**The problem**
Below are the records; count the lines that include the string "paths" and give only that number.

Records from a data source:

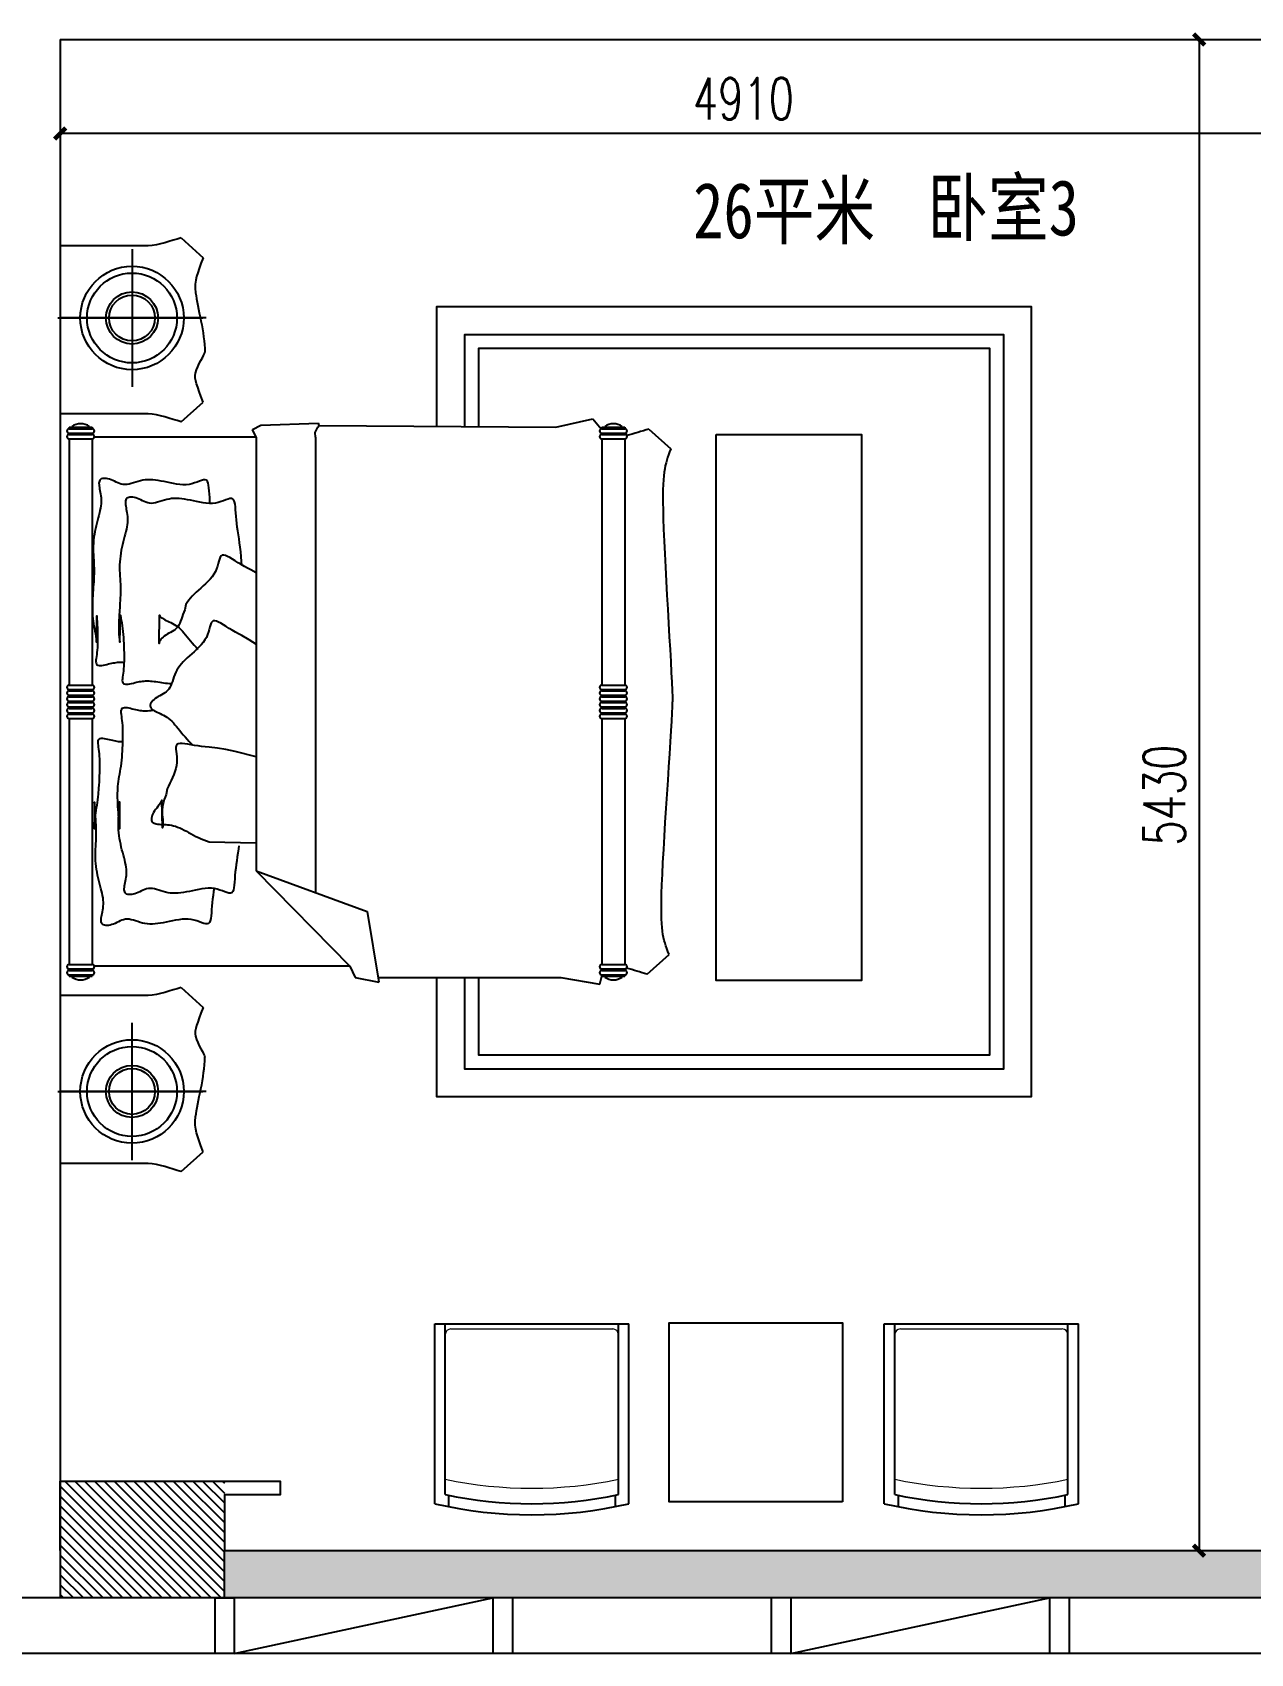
# Model space of a CAD drawing. Header units: millimetres. Extents: x 561810 to 956823, y -438984 to -391712.
# Drawn here: x 581290 to 585667, y -415003 to -409177 of the extents above; entities that cross this region are included whole.
import ezdxf

# ---------------------------------------------------------------- set-up
doc = ezdxf.new("R2010")
doc.units = ezdxf.units.MM
doc.header["$LTSCALE"] = 10
doc.header["$MEASUREMENT"] = 0
doc.layers.get('0').update_dxf_attribs({"linetype": 'CONTINUOUS'})
doc.layers.get('DEFPOINTS').update_dxf_attribs({"color": 1, "linetype": 'CONTINUOUS'})
for name, color, linetype in [('PUB_DIM', 3, 'CONTINUOUS'), ('WALL', 7, 'CONTINUOUS'), ('WINDOW', 4, 'CONTINUOUS'), ('填充', 8, 'CONTINUOUS'), ('墙', 7, 'CONTINUOUS')]:
    doc.layers.add(name, color=color, linetype=linetype)
doc.layers.add('细线', color=250, linetype='CONTINUOUS', lineweight=5)
doc.styles.add('12', font='', dxfattribs={"width": 0.8})
doc.styles.add('_TCH_DIM_T3', font='SIMPLEX', dxfattribs={"width": 0.705882, "bigfont": 'GBCBIG'})
doc.styles.get('12').set_extended_font_data('SimSun')
doc.dimstyles.new('_TCH_ARCH&&100', dxfattribs={"dimtxt": 297.5, "dimasz": 100, "dimexe": 250, "dimexo": 300, "dimgap": 126.25, "dimtad": 1, "dimdec": 0, "dimzin": 0, "dimdsep": 46, "dimtxsty": '_TCH_DIM_T3', "dimblk": 'ARCHTICK', "dimcen": 0.09, "dimclrt": 7, "dimazin": 0, "dimtfac": 1, "dimtdec": 0, "dimtix": 1, "dimtmove": 0, "dimatfit": 3, "dimldrblk": 'ARCHTICK', "dimfxl": 0, "dimtolj": 1, "dimtzin": 0, "dimarcsym": 0})

# ---------------------------------------------------------------- blocks, each defined once
blk = doc.blocks.new('_ARCHTICK')
at = {"color": 0, "linetype": 'ByBlock', "const_width": 0.4}
blk.add_lwpolyline([(-0.5, -0.5), (0.5, 0.5)], dxfattribs=at)
blk = doc.blocks.new('*D908')
at = {"layer": 'DEFPOINTS', "color": 0}
for p in [(585350.2, -409202.8), (585350.2, -414632.8), (585482.4, -414632.8)]:
    blk.add_point(p, dxfattribs=at)
at = {"layer": 'PUB_DIM', "color": 0, "lineweight": -2}
for p, q in [((585450.2, -409202.8), (585582.4, -409202.8)), ((585450.2, -414632.8), (585582.4, -414632.8))]:
    blk.add_line(p, q, dxfattribs=at)
at = {"layer": 'PUB_DIM', "color": 8, "lineweight": -2}
blk.add_line((585482.4, -409202.8), (585482.4, -414632.8), dxfattribs=at)
at = {"layer": 'PUB_DIM', "color": 8, "lineweight": -2, "xscale": 40, "yscale": 40, "zscale": 40}
for p, rotation in [((585482.4, -409202.8), 90), ((585482.4, -414632.8), 270)]:
    blk.add_blockref('_ARCHTICK', p, dxfattribs=dict(at, rotation=rotation))
at = {"layer": 'PUB_DIM', "color": 142, "insert": (585357.4, -411917.8), "char_height": 150, "attachment_point": 5, "rotation": 90, "style": '_TCH_DIM_T3'}
blk.add_mtext('\\A1;5430', dxfattribs=at)
blk = doc.blocks.new('*D909')
at = {"layer": 'DEFPOINTS', "color": 0}
for p in [(581389.9, -409388.4), (586299.9, -409388.4), (581389.9, -409540.4)]:
    blk.add_point(p, dxfattribs=at)
at = {"layer": 'PUB_DIM', "color": 0, "lineweight": -2}
for p, q in [((581389.9, -409488.4), (581389.9, -409640.4)), ((586299.9, -409488.4), (586299.9, -409640.4))]:
    blk.add_line(p, q, dxfattribs=at)
at = {"layer": 'PUB_DIM', "color": 8, "lineweight": -2}
blk.add_line((586299.9, -409540.4), (581389.9, -409540.4), dxfattribs=at)
at = {"layer": 'PUB_DIM', "color": 8, "lineweight": -2, "xscale": 40, "yscale": 40, "zscale": 40, "rotation": 180}
blk.add_blockref('_ARCHTICK', (581389.9, -409540.4), dxfattribs=at)
at = {"layer": 'PUB_DIM', "color": 8, "lineweight": -2, "xscale": 40, "yscale": 40, "zscale": 40}
blk.add_blockref('_ARCHTICK', (586299.9, -409540.4), dxfattribs=at)
at = {"layer": 'PUB_DIM', "color": 142, "insert": (583844.9, -409415.4), "char_height": 150, "attachment_point": 5, "style": '_TCH_DIM_T3'}
blk.add_mtext('\\A1;4910', dxfattribs=at)

msp = doc.modelspace()

# ---------------------------------------------------------------- hatches: boundary and pattern name
h = msp.add_hatch()
h.set_pattern_fill('ANSI31', color=250, scale=200, angle=-90, style=0)
h.set_pattern_definition([(315, (582179.9, -414802.755), (17.6777, 17.6777), [])])
h.paths.add_polyline_path([(581979.9, -414632.8), (581979.9, -414382.8), (581389.9, -414382.8), (581389.9, -414632.8), (581389.9, -414802.8), (581979.9, -414802.8)])
h = msp.add_hatch()
h.set_pattern_fill('AR-CONC', color=250, scale=20, style=0)
h.set_pattern_definition([(50, (585979.9, -414802.76), (143.452, -12.5504), [15, -165]), (355, (585979.9, -414802.76), (-27.75, 150.4384), [12, -132]), (100.4514, (585991.86, -414803.8), (115.702, 137.888), [12.748, -140.2284]), (46.184, (585979.9, -414762.76), (213.448, -33.104), [22.5, -247.5]), (96.6356, (585997.69, -414765.51), (186.933, 194.824), [19.122, -210.343]), (351.184, (585979.9, -414762.76), (186.932, 194.824), [18, -198]), (21, (585999.9, -414772.76), (119.3814, -80.5238), [15, -165]), (326, (585999.9, -414772.76), (48.663, 145.03), [12, -132]), (71.4514, (586009.85, -414779.47), (168.0445, 64.506), [12.748, -140.2284]), (37.5, (585979.9, -414802.755), (2.432, 66.5788), [0, -130.4, 0, -134, 0, -132.5]), (7.5, (585979.9, -414802.755), (52.6139, 78.8823), [0, -76.4, 0, -127.4, 0, -50.5]), (327.5, (585935.3, -414802.755), (106.7645, -4.511), [0, -50, 0, -156, 0, -207]), (317.5, (585915.3, -414802.755), (116.6372, 20.021), [0, -65, 0, -103.6, 0, -147])])
h.paths.add_polyline_path([(585979.9, -414802.8), (585979.9, -414632.8), (581979.9, -414632.8), (581979.9, -414802.8), (582014.9, -414802.8)])

# ---------------------------------------------------------------- linework, layer by layer
at = {"color": 1}
for p, q in [((581944.9, -414802.8), (581944.9, -415002.8)), ((581944.9, -414802.8), (582014.9, -414802.8)), ((582014.9, -414802.8), (582014.9, -415002.8)), ((582014.9, -415002.8), (582944.9, -414802.8)), ((582944.9, -414802.8), (582944.9, -415002.8)), ((583014.9, -414802.8), (583014.9, -415002.8)), ((583944.9, -414802.8), (583944.9, -415002.8)), ((584014.9, -414802.8), (584014.9, -415002.8)), ((584014.9, -415002.8), (584944.9, -414802.8)), ((584944.9, -414802.8), (584944.9, -415002.8)), ((585014.9, -414802.8), (585014.9, -415002.8))]:
    msp.add_line(p, q, dxfattribs=at)
at = {"layer": 'WALL'}
for p, q in [((581389.9, -409202.8), (581389.9, -414802.8)), ((581389.9, -409202.8), (586299.9, -409202.8)), ((581979.9, -414632.8), (585979.9, -414632.8))]:
    msp.add_line(p, q, dxfattribs=at)
at = {"layer": 'WINDOW'}
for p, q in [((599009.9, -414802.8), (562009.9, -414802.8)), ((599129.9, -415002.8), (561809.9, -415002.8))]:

**Exercise response**
2